When we first start the project, there is no need to have any fancy caching mechanism, using memory is more than sufficient. Our memory cache only needs to have 3 methods: set, get and del

// this is a very naive implementation of a memory cache...
module.exports = function memoryCache() {
  let cache = [];
  return {
    set(key, value, ttl) {
      const expired = new Date().getTime() + ttl;
      const existing = cache.find((entry) => {
        return entry.key === key;
      });

      if (!existing) {
        cache.push({
          key,
          value,
          expired
        });
      } else {
        existing.expired = expired;
      }
      return this;
    },
    get(key) {
      const entry = cache.find((entry) => {
        return entry.key === key;
      });
      if (!entry) return null;
      if (entry.expired < new Date().getTime()) {
        this.del(key);
        return null;
      }
      return entry.value;
    },
    del(key) {
      cache = cache.filter((entry) => {
        return entry.key !== key;
      });
      return this;
    }
  }
}

As the project grows, we need to scale to multiple processes. At this point, having cached data in the memory is not feasible anymore. Therefore, we need to switch to a different storage (I usually go with Redis). All we need to do now is to implement a different storage based on Redis and replace the memory cache that we have.

Meet flow

Dependency injection in Javascript shines the brightest when using together with a static type checking system. Flow happens to be one.

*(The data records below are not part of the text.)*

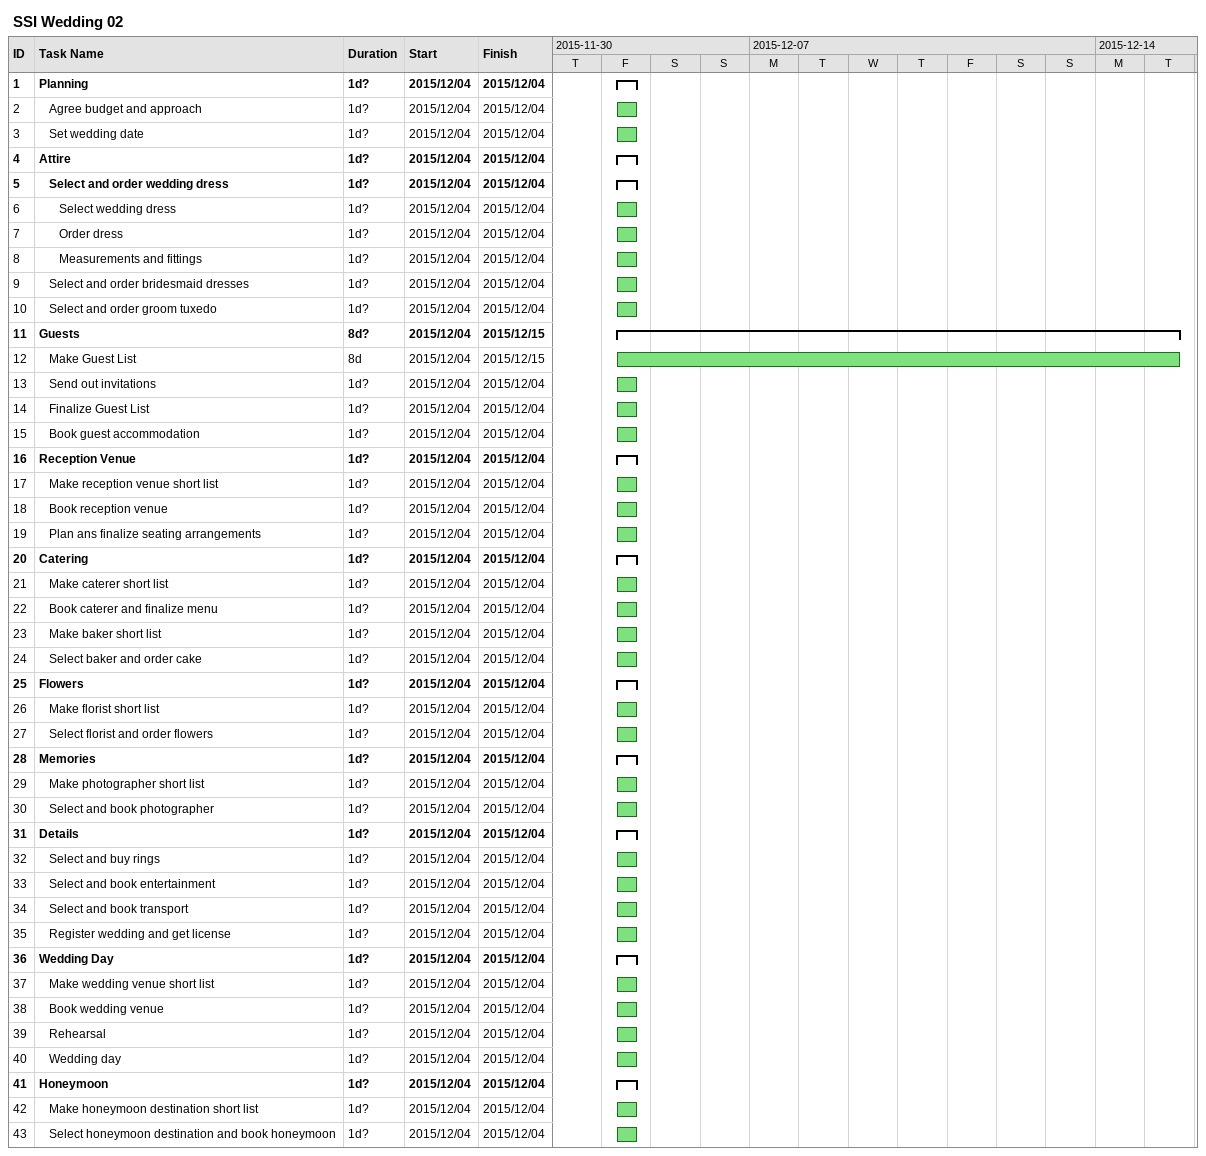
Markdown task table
SSI Wedding 02

| ID | Level | Task | Duration | Start | Finish |
|---|---|---|---|---|---|
| 1 | 1 | **Planning** | 1d? | 2015-12-04 | 2015-12-04 |
| 2 | 2 | Agree budget and approach | 1d? | 2015-12-04 | 2015-12-04 |
| 3 | 2 | Set wedding date | 1d? | 2015-12-04 | 2015-12-04 |
| 4 | 1 | **Attire** | 1d? | 2015-12-04 | 2015-12-04 |
| 5 | 2 | **Select and order wedding dress** | 1d? | 2015-12-04 | 2015-12-04 |
| 6 | 3 | Select wedding dress | 1d? | 2015-12-04 | 2015-12-04 |
| 7 | 3 | Order dress | 1d? | 2015-12-04 | 2015-12-04 |
| 8 | 3 | Measurements and fittings | 1d? | 2015-12-04 | 2015-12-04 |
| 9 | 2 | Select and order bridesmaid dresses | 1d? | 2015-12-04 | 2015-12-04 |
| 10 | 2 | Select and order groom tuxedo | 1d? | 2015-12-04 | 2015-12-04 |
| 11 | 1 | **Guests** | 8d? | 2015-12-04 | 2015-12-15 |
| 12 | 2 | Make Guest List | 8d | 2015-12-04 | 2015-12-15 |
| 13 | 2 | Send out invitations | 1d? | 2015-12-04 | 2015-12-04 |
| 14 | 2 | Finalize Guest List | 1d? | 2015-12-04 | 2015-12-04 |
| 15 | 2 | Book guest accommodation | 1d? | 2015-12-04 | 2015-12-04 |
| 16 | 1 | **Reception Venue** | 1d? | 2015-12-04 | 2015-12-04 |
| 17 | 2 | Make reception venue short list | 1d? | 2015-12-04 | 2015-12-04 |
| 18 | 2 | Book reception venue | 1d? | 2015-12-04 | 2015-12-04 |
| 19 | 2 | Plan ans finalize seating arrangements | 1d? | 2015-12-04 | 2015-12-04 |
| 20 | 1 | **Catering** | 1d? | 2015-12-04 | 2015-12-04 |
| 21 | 2 | Make caterer short list | 1d? | 2015-12-04 | 2015-12-04 |
| 22 | 2 | Book caterer and finalize menu | 1d? | 2015-12-04 | 2015-12-04 |
| 23 | 2 | Make baker short list | 1d? | 2015-12-04 | 2015-12-04 |
| 24 | 2 | Select baker and order cake | 1d? | 2015-12-04 | 2015-12-04 |
| 25 | 1 | **Flowers** | 1d? | 2015-12-04 | 2015-12-04 |
| 26 | 2 | Make florist short list | 1d? | 2015-12-04 | 2015-12-04 |
| 27 | 2 | Select florist and order flowers | 1d? | 2015-12-04 | 2015-12-04 |
| 28 | 1 | **Memories** | 1d? | 2015-12-04 | 2015-12-04 |
| 29 | 2 | Make photographer short list | 1d? | 2015-12-04 | 2015-12-04 |
| 30 | 2 | Select and book photographer | 1d? | 2015-12-04 | 2015-12-04 |
| 31 | 1 | **Details** | 1d? | 2015-12-04 | 2015-12-04 |
| 32 | 2 | Select and buy rings | 1d? | 2015-12-04 | 2015-12-04 |
| 33 | 2 | Select and book entertainment | 1d? | 2015-12-04 | 2015-12-04 |
| 34 | 2 | Select and book transport | 1d? | 2015-12-04 | 2015-12-04 |
| 35 | 2 | Register wedding and get license | 1d? | 2015-12-04 | 2015-12-04 |
| 36 | 1 | **Wedding Day** | 1d? | 2015-12-04 | 2015-12-04 |
| 37 | 2 | Make wedding venue short list | 1d? | 2015-12-04 | 2015-12-04 |
| 38 | 2 | Book wedding venue | 1d? | 2015-12-04 | 2015-12-04 |
| 39 | 2 | Rehearsal | 1d? | 2015-12-04 | 2015-12-04 |
| 40 | 2 | Wedding day | 1d? | 2015-12-04 | 2015-12-04 |
| 41 | 1 | **Honeymoon** | 1d? | 2015-12-04 | 2015-12-04 |
| 42 | 2 | Make honeymoon destination short list | 1d? | 2015-12-04 | 2015-12-04 |
| 43 | 2 | Select honeymoon destination and book honeymoon | 1d? | 2015-12-04 | 2015-12-04 |
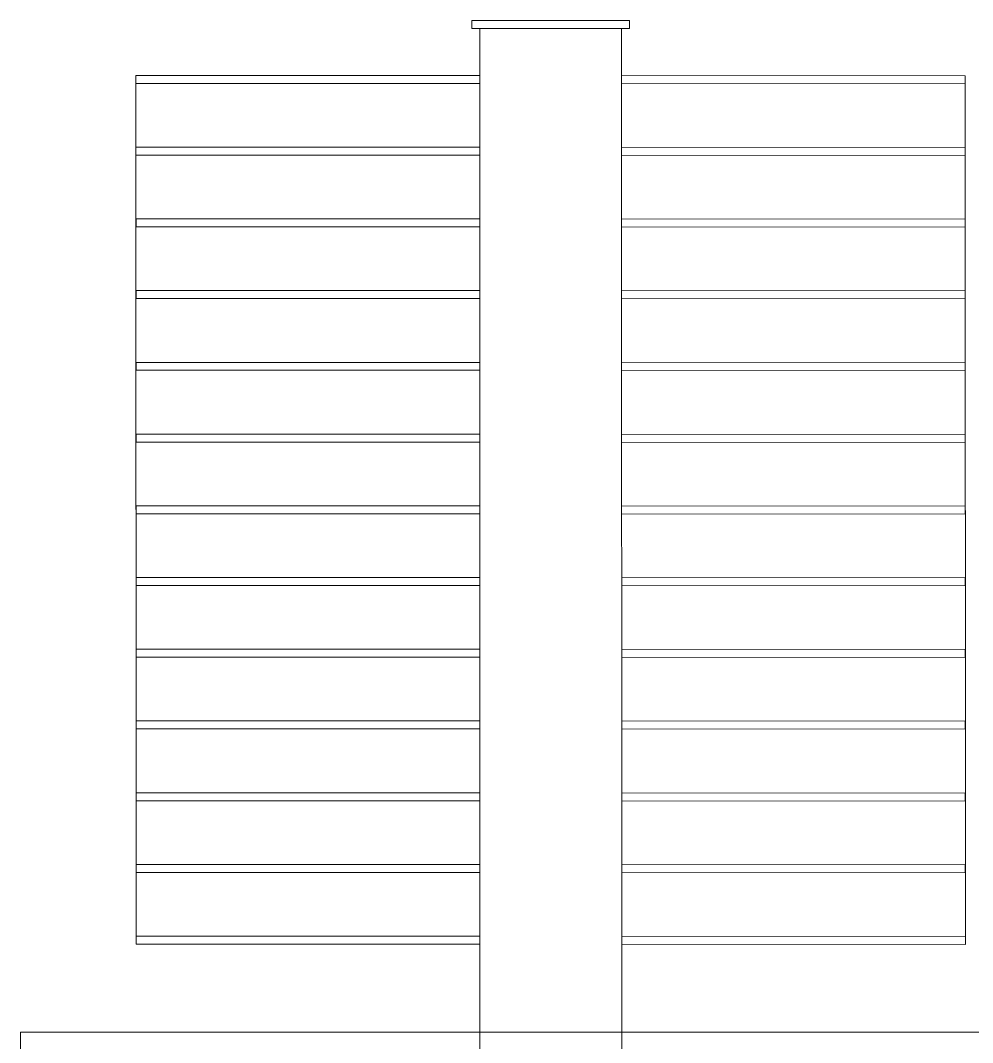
# Model space of a CAD drawing. Header units: millimetres. Extents: x -41310 to 13905, y 1865 to 89610.
# Drawn here: x 8076 to 8673, y 4371 to 5012 of the extents above; entities that cross this region are included whole.
import ezdxf

# ---------------------------------------------------------------- set-up
doc = ezdxf.new("R2010")
doc.units = ezdxf.units.MM
doc.layers.add('1轮廓实线层', color=7, linetype='Continuous', lineweight=0)

msp = doc.modelspace()

# ---------------------------------------------------------------- linework, layer by layer
at = {"layer": '1轮廓实线层', "extrusion": (-0.004685, -0.017452, 0.999837)}
for p, q in [((8358.82, 5012.41, 126.66), (8457.81, 5012.41, 127.13)), ((8358.82, 5007.41, 126.58), (8358.82, 5012.41, 126.66)), ((8457.82, 5007.41, 127.04), (8358.82, 5007.41, 126.58)), ((8363.82, 5007.41, 126.6), (8363.87, 4315.32, 114.52)), ((8452.87, 4315.32, 114.94), (8452.82, 5007.41, 127.02)), ((8457.81, 5012.41, 127.13), (8457.82, 5007.41, 127.04)), ((8363.82, 4977.92, 126.09), (8148.32, 4977.92, 125.08)), ((8148.32, 4977.92, 125.08), (8148.32, 4972.92, 124.99)), ((8148.32, 4977.92, 125.08), (8148.37, 4433, 115.56)), ((8452.82, 4977.92, 126.5), (8668.31, 4977.7, 127.51)), ((8668.31, 4977.7, 127.51), (8668.31, 4972.7, 127.42)), ((8668.36, 4432.79, 118), (8668.31, 4977.7, 127.51)), ((8148.32, 4972.92, 124.99), (8363.82, 4972.92, 126)), ((8668.31, 4972.7, 127.42), (8452.82, 4972.92, 126.42)), ((8363.82, 4932.93, 125.3), (8148.32, 4932.93, 124.29)), ((8148.32, 4932.93, 124.29), (8148.32, 4927.93, 124.2)), ((8452.82, 4932.93, 125.72), (8668.32, 4932.71, 126.72)), ((8668.32, 4932.71, 126.72), (8668.32, 4927.71, 126.64)), ((8148.32, 4927.93, 124.2), (8363.82, 4927.93, 125.21)), ((8668.32, 4927.71, 126.64), (8452.82, 4927.93, 125.63)), ((8363.83, 4887.93, 124.51), (8148.33, 4887.93, 123.5)), ((8148.33, 4887.93, 123.5), (8148.33, 4882.93, 123.42)), ((8452.82, 4887.93, 124.93), (8668.32, 4887.72, 125.94)), ((8668.32, 4887.72, 125.94), (8668.32, 4882.72, 125.85)), ((8148.33, 4882.93, 123.42), (8363.83, 4882.93, 124.43)), ((8668.32, 4882.72, 125.85), (8452.83, 4882.93, 124.84)), ((8363.83, 4842.94, 123.73), (8148.33, 4842.94, 122.72)), ((8148.33, 4842.94, 122.72), (8148.33, 4837.94, 122.63)), ((8452.83, 4842.94, 124.15), (8668.33, 4842.72, 125.15)), ((8668.33, 4842.72, 125.15), (8668.33, 4837.72, 125.07)), ((8148.33, 4837.94, 122.63), (8363.83, 4837.94, 123.64)), ((8668.33, 4837.72, 125.07), (8452.83, 4837.94, 124.06)), ((8148.34, 4797.95, 121.93), (8148.34, 4792.95, 121.85)), ((8363.83, 4797.95, 122.94), (8148.34, 4797.95, 121.93)), ((8452.83, 4797.95, 123.36), (8668.33, 4797.73, 124.37)), ((8668.33, 4797.73, 124.37), (8668.33, 4792.73, 124.28)), ((8148.34, 4792.95, 121.85), (8363.83, 4792.95, 122.86)), ((8668.33, 4792.73, 124.28), (8452.83, 4792.95, 123.27)), ((8148.34, 4752.95, 121.15), (8148.34, 4747.95, 121.06)), ((8363.84, 4752.95, 122.16), (8148.34, 4752.95, 121.15)), ((8452.84, 4752.95, 122.58), (8668.33, 4752.74, 123.58)), ((8668.33, 4752.74, 123.58), (8668.33, 4747.74, 123.49)), ((8148.34, 4747.95, 121.06), (8363.84, 4747.95, 122.07)), ((8668.33, 4747.74, 123.49), (8452.84, 4747.95, 122.49)), ((8148.34, 4707.96, 120.36), (8148.34, 4702.96, 120.28)), ((8363.84, 4707.96, 121.37), (8148.34, 4707.96, 120.36)), ((8452.84, 4707.96, 121.79), (8668.34, 4707.74, 122.8)), ((8668.34, 4707.74, 122.8), (8668.34, 4702.75, 122.71)), ((8148.34, 4702.96, 120.28), (8363.84, 4702.96, 121.29)), ((8668.34, 4702.75, 122.71), (8452.84, 4702.96, 121.7)), ((8148.35, 4662.97, 119.58), (8148.35, 4657.97, 119.49)), ((8363.84, 4662.97, 120.59), (8148.35, 4662.97, 119.58)), ((8452.84, 4662.97, 121), (8668.34, 4662.75, 122.01)), ((8668.34, 4662.75, 122.01), (8668.34, 4657.75, 121.92)), ((8148.35, 4657.97, 119.49), (8363.84, 4657.97, 120.5)), ((8668.34, 4657.75, 121.92), (8452.84, 4657.97, 120.92)), ((8148.35, 4617.97, 118.79), (8148.35, 4612.97, 118.71)), ((8363.85, 4617.97, 119.8), (8148.35, 4617.97, 118.79)), ((8452.85, 4617.97, 120.22), (8668.34, 4617.76, 121.23)), ((8668.34, 4617.76, 121.23), (8668.34, 4612.76, 121.14)), ((8148.35, 4612.97, 118.71), (8363.85, 4612.97, 119.72)), ((8668.34, 4612.76, 121.14), (8452.85, 4612.97, 120.13)), ((8148.35, 4572.98, 118.01), (8148.35, 4567.98, 117.92)), ((8363.85, 4572.98, 119.02), (8148.35, 4572.98, 118.01)), ((8452.85, 4572.98, 119.43), (8668.35, 4572.77, 120.44)), ((8668.35, 4572.77, 120.44), (8668.35, 4567.77, 120.35)), ((8148.35, 4567.98, 117.92), (8363.85, 4567.98, 118.93)), ((8668.35, 4567.77, 120.35), (8452.85, 4567.98, 119.35)), ((8148.36, 4527.99, 117.22), (8148.36, 4522.99, 117.13)), ((8363.86, 4527.99, 118.23), (8148.36, 4527.99, 117.22)), ((8452.85, 4527.99, 118.65), (8668.35, 4527.77, 119.65)), ((8668.35, 4527.77, 119.65), (8668.35, 4522.77, 119.57)), ((8148.36, 4522.99, 117.13), (8363.86, 4522.99, 118.14)), ((8668.35, 4522.77, 119.57), (8452.85, 4522.99, 118.56)), ((8148.36, 4482.99, 116.44), (8148.36, 4477.99, 116.35)), ((8363.86, 4482.99, 117.45), (8148.36, 4482.99, 116.44)), ((8452.86, 4482.99, 117.86), (8668.35, 4482.78, 118.87)), ((8668.35, 4482.78, 118.87), (8668.35, 4477.78, 118.78)), ((8148.36, 4477.99, 116.35), (8363.86, 4477.99, 117.36)), ((8668.35, 4477.78, 118.78), (8452.86, 4477.99, 117.78)), ((8148.37, 4438, 115.65), (8148.37, 4433, 115.56)), ((8363.86, 4438, 116.66), (8148.37, 4438, 115.65)), ((8452.86, 4438, 117.08), (8668.36, 4437.79, 118.08)), ((8668.36, 4437.79, 118.08), (8668.36, 4432.79, 118)), ((8148.37, 4433, 115.56), (8363.86, 4433, 116.57)), ((8668.36, 4432.79, 118), (8452.86, 4433, 116.99))]:
    msp.add_line(p, q, dxfattribs=at)
at = {"layer": '1轮廓实线层', "ltscale": 2, "extrusion": (-0.004685, -0.017452, 0.999837)}
for p, q in [((9390.86, 4377.81, 120.42), (8075.87, 4377.81, 114.26)), ((8075.87, 4377.81, 114.26), (8075.93, 3612.93, 100.91))]:
    msp.add_line(p, q, dxfattribs=at)

doc.saveas('drawing.dxf')

All we need is to define an interface for our dependencies, for example, the cache storage interface can be

interface CacheStorage {
  set(key: string, value: any, ttl?: number): Promise<any>,
  get(key: string): Promise<any>,
  del(key: string): Promise<any>
}

// and the cache
module.exports = function(storage: CacheStorage) {
  return {
    ...
  }
}

Having any is a bad practice but for the sake of simplicity, I am not going to define all the types.

Using flow also solves the problem mentioned in the testing section when we introduce new methods. When an implementation doesn’t meet its interface, flow will complain.

Final thoughts

Just like with pretty much everything else, dependency injection is no silver bullet. Using it correctly will lead to a clean and flexible architecture while doing it wrong will lead to an unnecessarily complicated architecture. I usually start with something simple to quickly deliver, then while I have a better picture of what I want to build, I will start putting stuff to where they should be.

Dependency injection alone doesn’t make much of a difference in the Javascript world due to the lack of types. However, when used with a static type checking like Flow, it really shines. I personally don’t like Flow that much, their error reporting is always a mystery, but it does the job.